Records from a data source:
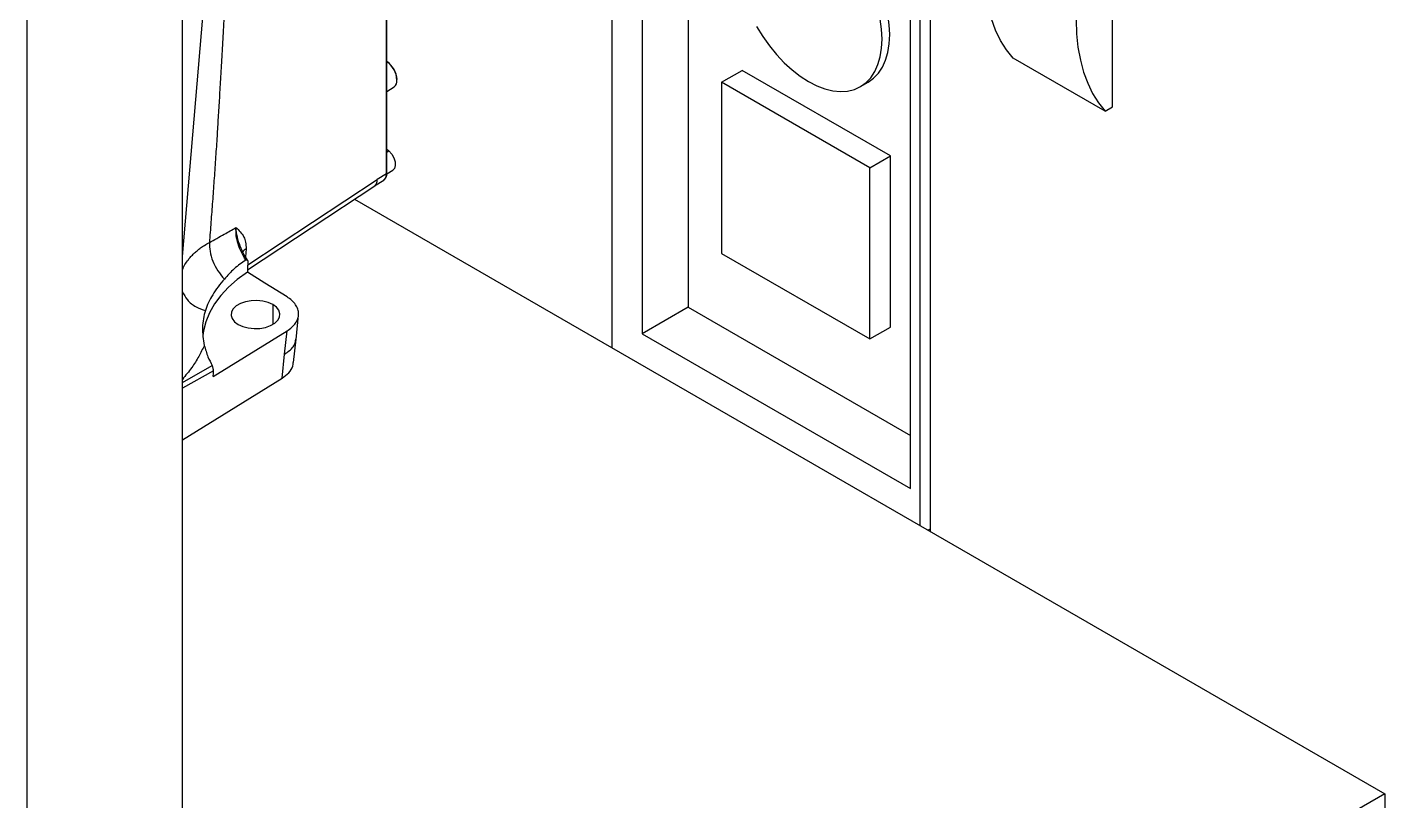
# Model space of a CAD drawing. Header units: millimetres. Extents: x -356 to 237, y 0 to 365.
# Drawn here: x -172.38 to -157.6, y 253.35 to 261.78 of the extents above; entities that cross this region are included whole.
import ezdxf

# ---------------------------------------------------------------- set-up
doc = ezdxf.new("R2010")
doc.units = ezdxf.units.MM

msp = doc.modelspace()

# ---------------------------------------------------------------- linework, layer by layer
at = {"color": 7, "linetype": 'Continuous', "lineweight": 25}
for p, q in [((-162.543, 256.286), (-162.543, 274.762)), ((-162.655, 256.35), (-162.655, 274.652)), ((-162.76, 256.754), (-162.76, 274.547)), ((-160.563, 260.911), (-160.563, 267.838)), ((-170.687, 209.916), (-170.687, 265.492)), ((-170.687, 259.283), (-170.234, 264.561)), ((-172.377, 208.903), (-172.377, 264.479)), ((-166.008, 258.286), (-166.008, 264.536)), ((-165.683, 264.034), (-165.683, 258.441)), ((-165.182, 263.982), (-165.182, 258.73)), ((-168.466, 260.183), (-168.466, 263.444)), ((-168.46, 260.19), (-168.46, 263.448)), ((-164.818, 261.181), (-164.595, 261.309)), ((-162.98, 260.377), (-164.595, 261.309)), ((-160.642, 260.865), (-161.644, 261.443)), ((-163.203, 260.249), (-164.818, 261.181)), ((-164.818, 261.181), (-164.818, 259.316)), ((-163.305, 261.133), (-163.222, 261.181)), ((-168.46, 261.08), (-168.383, 261.129)), ((-160.642, 260.865), (-160.563, 260.911)), ((-168.46, 260.45), (-168.438, 260.433)), ((-168.46, 260.419), (-168.438, 260.433)), ((-163.203, 260.249), (-162.98, 260.377)), ((-162.98, 258.513), (-162.98, 260.377)), ((-169.975, 259.191), (-168.566, 260.121)), ((-168.466, 260.183), (-168.566, 260.121)), ((-168.461, 260.184), (-168.397, 260.222)), ((-163.203, 258.384), (-163.203, 260.249)), ((-169.978, 259.138), (-168.592, 260.053)), ((-168.595, 260.051), (-168.495, 260.114)), ((-168.815, 259.906), (-157.597, 253.43)), ((-170.04, 259.355), (-170.05, 259.378)), ((-169.994, 259.366), (-169.999, 259.277)), ((-164.818, 259.316), (-163.203, 258.384)), ((-169.703, 258.759), (-169.703, 258.542)), ((-169.45, 258.378), (-169.422, 258.642)), ((-165.182, 258.73), (-165.683, 258.441)), ((-165.182, 258.73), (-162.76, 257.332)), ((-163.203, 258.384), (-162.98, 258.513)), ((-170.35, 257.975), (-169.548, 258.471)), ((-169.575, 258.22), (-169.548, 258.471)), ((-169.476, 258.126), (-169.45, 258.381)), ((-165.683, 258.441), (-162.76, 256.754)), ((-169.602, 257.957), (-169.575, 258.22)), ((-170.687, 257.91), (-170.362, 258.093)), ((-170.348, 258.037), (-170.687, 257.847)), ((-170.687, 257.285), (-169.602, 257.957)), ((-162.543, 256.316), (-162.569, 256.301)), ((-157.597, 253.43), (-170.687, 245.874)), ((-157.597, 253.43), (-157.597, 250.981))]:
    msp.add_line(p, q, dxfattribs=at)
at = {"color": 7, "linetype": 'Continuous', "lineweight": 25, "flags": 128}
for points in [[(-162.987, 261.699), (-162.992, 261.806), (-163.007, 261.917), (-163.032, 262.031), (-163.067, 262.146), (-163.11, 262.262), (-163.162, 262.376), (-163.222, 262.488), (-163.289, 262.596), (-163.362, 262.698), (-163.44, 262.794), (-163.523, 262.881), (-163.61, 262.96), (-163.698, 263.028), (-163.788, 263.086), (-163.877, 263.132), (-163.966, 263.165), (-164.052, 263.186), (-164.135, 263.195), (-164.213, 263.19), (-164.287, 263.172), (-164.354, 263.142)], [(-161.644, 261.443), (-161.716, 261.534), (-161.78, 261.636), (-161.834, 261.748), (-161.879, 261.87), (-161.914, 262.001), (-161.94, 262.14), (-161.955, 262.287), (-161.96, 262.441)], [(-164.437, 261.786), (-164.37, 261.679), (-164.297, 261.576), (-164.218, 261.481), (-164.136, 261.393), (-164.049, 261.315), (-163.961, 261.247), (-163.871, 261.189), (-163.782, 261.143), (-163.693, 261.109), (-163.607, 261.088), (-163.524, 261.08), (-163.445, 261.085), (-163.372, 261.103), (-163.305, 261.133), (-163.245, 261.176), (-163.193, 261.23), (-163.15, 261.296), (-163.116, 261.372), (-163.091, 261.457), (-163.076, 261.551)], [(-163.076, 261.551), (-163.071, 261.651), (-163.076, 261.758), (-163.091, 261.868)], [(-160.958, 261.862), (-160.953, 261.708), (-160.938, 261.562), (-160.912, 261.422), (-160.877, 261.291), (-160.832, 261.169), (-160.778, 261.057), (-160.714, 260.955), (-160.642, 260.865)], [(-163.222, 261.181), (-163.222, 261.181), (-163.162, 261.224), (-163.11, 261.279), (-163.067, 261.344), (-163.032, 261.42), (-163.007, 261.505), (-162.992, 261.599), (-162.987, 261.699)], [(-168.438, 260.433), (-168.407, 260.398), (-168.384, 260.356), (-168.371, 260.312), (-168.369, 260.272), (-168.378, 260.24), (-168.397, 260.222)], [(-169.979, 259.11), (-170.089, 259.031), (-170.185, 258.947), (-170.269, 258.858), (-170.338, 258.766), (-170.393, 258.67), (-170.433, 258.572), (-170.458, 258.472), (-170.465, 258.422)], [(-169.974, 259.221), (-169.977, 259.159), (-169.979, 259.11)], [(-169.548, 258.843), (-169.79, 258.992), (-169.979, 259.11)], [(-169.703, 258.759), (-169.753, 258.781), (-169.812, 258.797), (-169.875, 258.803), (-169.939, 258.801), (-170, 258.79), (-170.055, 258.771), (-170.1, 258.745), (-170.133, 258.713), (-170.152, 258.678), (-170.156, 258.641), (-170.145, 258.605), (-170.118, 258.571), (-170.079, 258.542)], [(-170.079, 258.542), (-170.028, 258.519), (-169.97, 258.504), (-169.907, 258.497), (-169.843, 258.499), (-169.782, 258.51), (-169.727, 258.529), (-169.682, 258.556), (-169.648, 258.587), (-169.629, 258.623), (-169.626, 258.659), (-169.637, 258.696), (-169.663, 258.73), (-169.703, 258.759)], [(-170.35, 257.975), (-170.349, 258.01), (-170.348, 258.037)]]:
    msp.add_lwpolyline(points, dxfattribs=at)
at = {"color": 7, "linetype": 'Continuous', "lineweight": 25}
for centre, radius, start, end in [((-168.611, 261.192), 0.26, 2.756, 54.7535), ((-168.605, 261.195), 0.255, 3.5989, 55.4503), ((-168.436, 261.196), 0.0855, 307.7539, 5.4404), ((-168.47, 260.191), 0.00959, 296.3939, 354.9699), ((-169.958, 259.291), 0.0831, 115.5084, 151.4418)]:
    msp.add_arc(centre, radius, start, end, dxfattribs=at)
for points, knots in [([(-170.199, 262.555), (-170.203, 262.479), (-170.213, 262.29), (-170.228, 262.01), (-170.244, 261.72), (-170.258, 261.461), (-170.272, 261.217), (-170.286, 260.988), (-170.299, 260.774), (-170.312, 260.559), (-170.327, 260.338), (-170.343, 260.109), (-170.359, 259.882), (-170.376, 259.657), (-170.387, 259.508), (-170.393, 259.434)], [0, 0, 0, 0, 0.073503, 0.181065, 0.269058, 0.352122, 0.430254, 0.503457, 0.571729, 0.636326, 0.710528, 0.783999, 0.856736, 0.928737, 1, 1, 1, 1]), ([(-168.596, 260.051), (-168.588, 260.059), (-168.568, 260.078), (-168.566, 260.105), (-168.566, 260.121)], [0, 0, 0, 0, 0.42285, 1, 1, 1, 1]), ([(-168.496, 260.114), (-168.487, 260.123), (-168.468, 260.141), (-168.466, 260.168), (-168.466, 260.183)], [0, 0, 0, 0, 0.442297, 1, 1, 1, 1]), ([(-168.495, 260.114), (-168.49, 260.118), (-168.479, 260.127), (-168.469, 260.145), (-168.462, 260.167), (-168.461, 260.182), (-168.46, 260.19)], [0, 0, 0, 0, 0.224755, 0.463834, 0.721549, 1, 1, 1, 1]), ([(-170.393, 259.434), (-170.339, 259.465), (-170.243, 259.519), (-170.146, 259.573), (-170.104, 259.597)], [0, 0, 0, 0, 0.5599278, 1, 1, 1, 1]), ([(-170.104, 259.597), (-170.087, 259.582), (-170.054, 259.552), (-170.017, 259.498), (-169.995, 259.434), (-169.994, 259.39), (-169.994, 259.366)], [0, 0, 0, 0, 0.246729, 0.506484, 0.735181, 1, 1, 1, 1]), ([(-169.997, 259.244), (-170.014, 259.271), (-170.048, 259.327), (-170.081, 259.417), (-170.103, 259.507), (-170.103, 259.568), (-170.104, 259.597)], [0, 0, 0, 0, 0.25887, 0.517685, 0.767574, 1, 1, 1, 1]), ([(-170.05, 259.378), (-170.052, 259.383), (-170.069, 259.42), (-170.092, 259.493), (-170.1, 259.562), (-170.104, 259.597)], [0, 0, 0, 0, 0.084575, 0.536538, 1, 1, 1, 1]), ([(-170.687, 259.126), (-170.686, 259.13), (-170.676, 259.175), (-170.639, 259.226), (-170.594, 259.282), (-170.562, 259.315), (-170.527, 259.346), (-170.488, 259.376), (-170.443, 259.406), (-170.411, 259.424), (-170.393, 259.434)], [0, 0, 0, 0, 0.026895, 0.315803, 0.418017, 0.522622, 0.630589, 0.742907, 0.860669, 1, 1, 1, 1]), ([(-170.393, 259.434), (-170.392, 259.402), (-170.39, 259.333), (-170.357, 259.229), (-170.305, 259.125), (-170.255, 259.066), (-170.23, 259.037)], [0, 0, 0, 0, 0.217778, 0.470939, 0.740328, 1, 1, 1, 1]), ([(-169.997, 259.244), (-170.018, 259.229), (-170.062, 259.199), (-170.122, 259.149), (-170.179, 259.094), (-170.213, 259.056), (-170.23, 259.037)], [0, 0, 0, 0, 0.24534, 0.506749, 0.755268, 1, 1, 1, 1]), ([(-169.978, 259.243), (-169.994, 259.268), (-170.023, 259.31), (-170.041, 259.358), (-170.048, 259.378)], [0, 0, 0, 0, 0.586659, 1, 1, 1, 1]), ([(-169.997, 259.244), (-169.996, 259.245), (-169.992, 259.246), (-169.987, 259.247), (-169.983, 259.246), (-169.978, 259.242), (-169.974, 259.233), (-169.974, 259.226), (-169.974, 259.221)], [0, 0, 0, 0, 0.137348, 0.254342, 0.357147, 0.46333, 0.703144, 1, 1, 1, 1]), ([(-170.23, 259.037), (-170.254, 259.009), (-170.299, 258.954), (-170.357, 258.868), (-170.404, 258.782), (-170.426, 258.722), (-170.436, 258.693)], [0, 0, 0, 0, 0.273135, 0.528564, 0.770332, 1, 1, 1, 1]), ([(-170.687, 258.898), (-170.67, 258.867), (-170.636, 258.801), (-170.543, 258.731), (-170.471, 258.705), (-170.436, 258.693)], [0, 0, 0, 0, 0.312102, 0.66907, 1, 1, 1, 1]), ([(-169.548, 258.471), (-169.53, 258.484), (-169.494, 258.508), (-169.454, 258.554), (-169.428, 258.604), (-169.419, 258.657), (-169.427, 258.71), (-169.453, 258.76), (-169.494, 258.806), (-169.53, 258.83), (-169.548, 258.843)], [0, 0, 0, 0, 0.143713, 0.27313, 0.389769, 0.499857, 0.609243, 0.726442, 0.855219, 1, 1, 1, 1]), ([(-170.436, 258.693), (-170.445, 258.664), (-170.461, 258.604), (-170.469, 258.509), (-170.466, 258.411), (-170.454, 258.346), (-170.448, 258.314)], [0, 0, 0, 0, 0.238265, 0.485716, 0.742641, 1, 1, 1, 1]), ([(-169.575, 258.22), (-169.556, 258.231), (-169.521, 258.253), (-169.481, 258.297), (-169.456, 258.34), (-169.453, 258.369), (-169.451, 258.38)], [0, 0, 0, 0, 0.308392, 0.585193, 0.837579, 1, 1, 1, 1]), ([(-170.448, 258.314), (-170.467, 258.273), (-170.508, 258.19), (-170.586, 258.065), (-170.652, 257.986), (-170.687, 257.944)], [0, 0, 0, 0, 0.305663, 0.62853, 1, 1, 1, 1]), ([(-170.448, 258.314), (-170.436, 258.272), (-170.415, 258.195), (-170.378, 258.124), (-170.362, 258.093)], [0, 0, 0, 0, 0.549299, 1, 1, 1, 1]), ([(-170.348, 258.037), (-170.348, 258.04), (-170.348, 258.044), (-170.349, 258.052), (-170.351, 258.059), (-170.353, 258.069), (-170.356, 258.081), (-170.36, 258.089), (-170.362, 258.093)], [0, 0, 0, 0, 0.116467, 0.246873, 0.381223, 0.523219, 0.784212, 1, 1, 1, 1]), ([(-169.602, 257.957), (-169.576, 257.975), (-169.528, 258.01), (-169.482, 258.072), (-169.481, 258.114), (-169.481, 258.126)], [0, 0, 0, 0, 0.43083, 0.824905, 1, 1, 1, 1])]:
    msp.add_open_spline(points, degree=3, knots=knots, dxfattribs=at)

doc.saveas('drawing.dxf')

**WHAT TO DO**
As the answer, set down only the lines from the data above between the one holding "msp.add_lwpolyline(points, dxfattribs=at)" and the one holding "msp.add_arc(centre, radius, start, end, dxfattribs=at)", inclusive, exactly as they read.

**ANSWER TO THIS TASK**
    msp.add_lwpolyline(points, dxfattribs=at)
at = {"color": 7, "linetype": 'Continuous', "lineweight": 25}
for centre, radius, start, end in [((-168.611, 261.192), 0.26, 2.756, 54.7535), ((-168.605, 261.195), 0.255, 3.5989, 55.4503), ((-168.436, 261.196), 0.0855, 307.7539, 5.4404), ((-168.47, 260.191), 0.00959, 296.3939, 354.9699), ((-169.958, 259.291), 0.0831, 115.5084, 151.4418)]:
    msp.add_arc(centre, radius, start, end, dxfattribs=at)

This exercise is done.